The Daily News has a piece by former City DOT Commissioner Ross Sandler, who describes in detail the ongoing process of corrosion that is weakening the supports of the cantilevered portion of the Brooklyn Queens Expressway and of the Brooklyn Heights Promenade above it. As we reported a year ago, an expert panel appointed by the mayor, on which Mr. Sandler served, recommended that repairs to the highway begin immediately, and that they be done in a way, as Mr. Sandler is quoted as saying, that would “avoid encroaching on Brooklyn Bridge Park or the homes of Brooklyn Heights.”
Now the Brooklyn Paper reports that Mayor De Blasio
revealed that city will resume planning for a long-term fix to the crumbling Brooklyn-Queens Expressway in the coming weeks, after a year of radio silence from officials regarding the beleaguered roadway.

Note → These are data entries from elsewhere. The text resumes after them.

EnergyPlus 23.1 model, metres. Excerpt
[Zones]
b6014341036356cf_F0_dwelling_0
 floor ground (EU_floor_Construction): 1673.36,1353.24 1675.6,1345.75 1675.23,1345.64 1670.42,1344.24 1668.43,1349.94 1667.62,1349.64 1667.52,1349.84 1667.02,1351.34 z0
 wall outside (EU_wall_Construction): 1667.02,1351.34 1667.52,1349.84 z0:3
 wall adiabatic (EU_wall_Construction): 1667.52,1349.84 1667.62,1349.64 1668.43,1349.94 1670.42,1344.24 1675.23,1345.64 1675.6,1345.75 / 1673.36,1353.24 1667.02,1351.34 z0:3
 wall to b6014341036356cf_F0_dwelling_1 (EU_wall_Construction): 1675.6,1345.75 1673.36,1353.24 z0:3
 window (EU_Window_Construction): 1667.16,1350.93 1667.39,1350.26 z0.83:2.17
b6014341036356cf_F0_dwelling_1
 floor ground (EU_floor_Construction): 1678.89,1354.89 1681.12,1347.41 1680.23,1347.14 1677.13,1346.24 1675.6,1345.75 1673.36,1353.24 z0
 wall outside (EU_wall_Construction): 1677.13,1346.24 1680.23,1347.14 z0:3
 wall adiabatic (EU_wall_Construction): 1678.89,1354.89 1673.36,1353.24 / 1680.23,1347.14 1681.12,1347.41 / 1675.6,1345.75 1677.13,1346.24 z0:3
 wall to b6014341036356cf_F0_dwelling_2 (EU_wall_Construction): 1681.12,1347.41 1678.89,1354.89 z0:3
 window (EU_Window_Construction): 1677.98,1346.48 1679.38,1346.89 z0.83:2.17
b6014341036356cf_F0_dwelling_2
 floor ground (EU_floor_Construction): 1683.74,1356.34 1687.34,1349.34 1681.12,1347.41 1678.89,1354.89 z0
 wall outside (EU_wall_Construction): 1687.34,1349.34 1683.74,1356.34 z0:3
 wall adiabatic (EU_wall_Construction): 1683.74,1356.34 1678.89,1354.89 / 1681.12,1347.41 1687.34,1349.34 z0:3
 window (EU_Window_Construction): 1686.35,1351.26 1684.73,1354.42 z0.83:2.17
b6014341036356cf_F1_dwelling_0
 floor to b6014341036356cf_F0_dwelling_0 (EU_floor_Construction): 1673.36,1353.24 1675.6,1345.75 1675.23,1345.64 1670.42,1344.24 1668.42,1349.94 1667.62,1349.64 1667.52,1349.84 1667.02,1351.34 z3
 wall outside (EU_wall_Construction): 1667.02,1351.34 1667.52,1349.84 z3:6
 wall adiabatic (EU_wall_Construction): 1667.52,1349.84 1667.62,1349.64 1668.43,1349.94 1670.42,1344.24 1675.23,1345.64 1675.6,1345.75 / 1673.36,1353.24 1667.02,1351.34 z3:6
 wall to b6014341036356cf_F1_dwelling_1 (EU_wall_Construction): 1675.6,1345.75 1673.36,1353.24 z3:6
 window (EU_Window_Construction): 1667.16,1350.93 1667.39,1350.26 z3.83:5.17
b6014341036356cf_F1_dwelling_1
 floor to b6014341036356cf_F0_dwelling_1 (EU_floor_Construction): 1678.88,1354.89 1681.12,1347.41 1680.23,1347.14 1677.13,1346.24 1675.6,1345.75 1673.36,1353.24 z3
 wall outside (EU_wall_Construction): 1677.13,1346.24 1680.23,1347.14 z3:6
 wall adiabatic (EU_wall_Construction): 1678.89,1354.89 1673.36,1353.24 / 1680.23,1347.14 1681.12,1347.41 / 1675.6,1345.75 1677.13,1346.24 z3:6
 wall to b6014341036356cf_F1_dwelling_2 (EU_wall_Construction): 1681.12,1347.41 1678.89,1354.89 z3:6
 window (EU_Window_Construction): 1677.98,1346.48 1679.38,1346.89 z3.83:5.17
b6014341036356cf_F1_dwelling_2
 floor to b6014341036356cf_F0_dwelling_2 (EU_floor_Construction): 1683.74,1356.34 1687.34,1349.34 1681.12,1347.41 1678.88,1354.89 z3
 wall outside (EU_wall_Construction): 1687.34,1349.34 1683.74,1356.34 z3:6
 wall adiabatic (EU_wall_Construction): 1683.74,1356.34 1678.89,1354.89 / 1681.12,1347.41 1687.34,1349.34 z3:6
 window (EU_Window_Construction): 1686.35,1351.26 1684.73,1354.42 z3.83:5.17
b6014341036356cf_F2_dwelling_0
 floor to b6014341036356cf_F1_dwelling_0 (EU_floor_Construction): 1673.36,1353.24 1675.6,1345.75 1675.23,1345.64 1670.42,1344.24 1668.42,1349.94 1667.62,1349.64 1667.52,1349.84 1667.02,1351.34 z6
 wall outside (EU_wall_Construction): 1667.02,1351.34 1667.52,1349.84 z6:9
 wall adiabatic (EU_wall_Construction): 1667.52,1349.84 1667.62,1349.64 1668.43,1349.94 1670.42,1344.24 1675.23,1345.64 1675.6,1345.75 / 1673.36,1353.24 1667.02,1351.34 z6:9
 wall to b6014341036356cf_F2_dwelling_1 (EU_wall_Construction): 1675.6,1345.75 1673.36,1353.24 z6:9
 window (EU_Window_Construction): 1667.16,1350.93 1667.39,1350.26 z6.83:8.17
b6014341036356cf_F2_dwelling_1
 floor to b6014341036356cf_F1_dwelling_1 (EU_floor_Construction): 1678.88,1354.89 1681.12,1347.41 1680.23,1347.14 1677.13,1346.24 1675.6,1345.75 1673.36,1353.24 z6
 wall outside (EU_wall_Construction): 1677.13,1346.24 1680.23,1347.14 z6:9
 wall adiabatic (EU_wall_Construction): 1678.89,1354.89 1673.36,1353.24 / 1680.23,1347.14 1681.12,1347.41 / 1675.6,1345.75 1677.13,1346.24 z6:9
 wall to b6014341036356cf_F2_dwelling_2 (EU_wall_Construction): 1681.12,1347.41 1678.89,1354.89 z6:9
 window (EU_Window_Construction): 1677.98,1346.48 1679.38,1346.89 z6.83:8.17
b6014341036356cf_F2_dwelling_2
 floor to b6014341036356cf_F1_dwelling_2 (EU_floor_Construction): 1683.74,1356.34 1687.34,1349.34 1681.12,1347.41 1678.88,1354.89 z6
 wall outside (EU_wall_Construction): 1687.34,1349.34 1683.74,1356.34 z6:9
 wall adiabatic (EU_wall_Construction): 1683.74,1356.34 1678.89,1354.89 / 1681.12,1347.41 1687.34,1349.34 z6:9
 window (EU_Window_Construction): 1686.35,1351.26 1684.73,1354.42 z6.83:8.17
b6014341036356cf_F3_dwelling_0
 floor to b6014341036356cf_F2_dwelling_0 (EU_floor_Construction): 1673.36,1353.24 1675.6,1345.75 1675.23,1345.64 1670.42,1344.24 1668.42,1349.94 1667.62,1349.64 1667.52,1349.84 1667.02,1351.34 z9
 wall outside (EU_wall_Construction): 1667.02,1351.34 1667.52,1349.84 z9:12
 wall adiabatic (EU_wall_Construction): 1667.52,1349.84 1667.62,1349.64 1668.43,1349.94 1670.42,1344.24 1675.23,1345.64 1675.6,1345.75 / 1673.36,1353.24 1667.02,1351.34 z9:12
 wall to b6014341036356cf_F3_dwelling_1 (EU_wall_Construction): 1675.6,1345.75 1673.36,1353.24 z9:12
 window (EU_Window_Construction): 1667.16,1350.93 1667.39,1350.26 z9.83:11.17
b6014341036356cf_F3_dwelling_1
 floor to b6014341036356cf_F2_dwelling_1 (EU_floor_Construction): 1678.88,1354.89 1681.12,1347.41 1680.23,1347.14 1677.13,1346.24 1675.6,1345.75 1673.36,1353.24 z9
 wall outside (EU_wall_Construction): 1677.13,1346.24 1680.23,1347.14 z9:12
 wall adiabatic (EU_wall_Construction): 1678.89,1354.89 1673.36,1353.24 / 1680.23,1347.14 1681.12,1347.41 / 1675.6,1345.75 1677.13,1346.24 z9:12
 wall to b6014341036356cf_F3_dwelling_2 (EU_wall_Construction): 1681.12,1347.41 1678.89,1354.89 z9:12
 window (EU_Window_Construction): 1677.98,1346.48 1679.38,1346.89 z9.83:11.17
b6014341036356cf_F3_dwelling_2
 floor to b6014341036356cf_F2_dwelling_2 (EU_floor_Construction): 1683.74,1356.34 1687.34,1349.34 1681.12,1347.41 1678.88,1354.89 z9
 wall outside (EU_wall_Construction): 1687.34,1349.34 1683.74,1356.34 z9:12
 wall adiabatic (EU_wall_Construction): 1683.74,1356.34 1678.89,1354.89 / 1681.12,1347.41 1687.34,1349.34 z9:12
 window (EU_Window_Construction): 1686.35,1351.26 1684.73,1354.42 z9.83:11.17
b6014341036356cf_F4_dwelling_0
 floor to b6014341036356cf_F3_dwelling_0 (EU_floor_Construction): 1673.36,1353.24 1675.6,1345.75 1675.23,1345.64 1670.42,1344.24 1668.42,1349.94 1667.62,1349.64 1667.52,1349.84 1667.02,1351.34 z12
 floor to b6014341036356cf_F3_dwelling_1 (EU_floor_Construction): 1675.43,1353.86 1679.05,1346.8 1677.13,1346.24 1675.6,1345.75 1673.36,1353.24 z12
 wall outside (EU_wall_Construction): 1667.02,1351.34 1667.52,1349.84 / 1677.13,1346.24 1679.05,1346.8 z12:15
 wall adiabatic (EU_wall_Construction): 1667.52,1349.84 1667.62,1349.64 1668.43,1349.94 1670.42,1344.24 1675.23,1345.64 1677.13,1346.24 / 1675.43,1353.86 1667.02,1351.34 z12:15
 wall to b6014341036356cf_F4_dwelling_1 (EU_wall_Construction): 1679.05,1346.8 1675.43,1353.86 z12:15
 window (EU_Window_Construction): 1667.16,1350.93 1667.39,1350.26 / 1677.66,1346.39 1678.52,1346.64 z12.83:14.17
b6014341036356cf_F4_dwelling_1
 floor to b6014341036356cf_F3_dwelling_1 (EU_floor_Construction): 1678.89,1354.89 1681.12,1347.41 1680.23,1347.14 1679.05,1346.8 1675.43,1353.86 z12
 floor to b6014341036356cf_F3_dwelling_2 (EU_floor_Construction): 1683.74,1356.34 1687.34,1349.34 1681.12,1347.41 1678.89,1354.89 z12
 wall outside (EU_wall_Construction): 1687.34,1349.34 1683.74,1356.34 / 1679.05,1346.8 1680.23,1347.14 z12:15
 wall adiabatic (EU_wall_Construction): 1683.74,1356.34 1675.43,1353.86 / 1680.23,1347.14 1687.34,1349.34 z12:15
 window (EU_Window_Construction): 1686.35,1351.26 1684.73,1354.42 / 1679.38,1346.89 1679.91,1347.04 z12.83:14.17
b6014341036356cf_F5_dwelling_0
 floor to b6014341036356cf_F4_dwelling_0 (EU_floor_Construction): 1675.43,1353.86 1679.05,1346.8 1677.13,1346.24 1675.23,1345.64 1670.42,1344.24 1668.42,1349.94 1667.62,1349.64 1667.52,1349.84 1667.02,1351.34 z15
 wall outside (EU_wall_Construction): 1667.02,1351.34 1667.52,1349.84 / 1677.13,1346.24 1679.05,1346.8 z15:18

The Brooklyn Paper story quotes the mayor as saying he’s “hopeful for help from the feds under the new Democratic presidential administration of Joe Biden,” and praising the president’s appointment of former NYC Transportation Commissioner Polly Trottenberg as a Deputy Secretary of Transportation. The story also notes that the City DOT
has started some repair work on the 1.5-mile section between Atlantic Avenue and Sands Street the agency has jurisdiction over (the remaining stretches of the highway are run by the state), such as a fix to the wall at Hicks Street near Poplar Street, which started in October.
According to the Brooklyn Paper, “[a] spokesman for DOT did not return a request for information whether the agency had done any other work on the BQE since January 2020, or to reveal the city’s future plans.” As we noted here, in June 2020 some resurfacing work was done.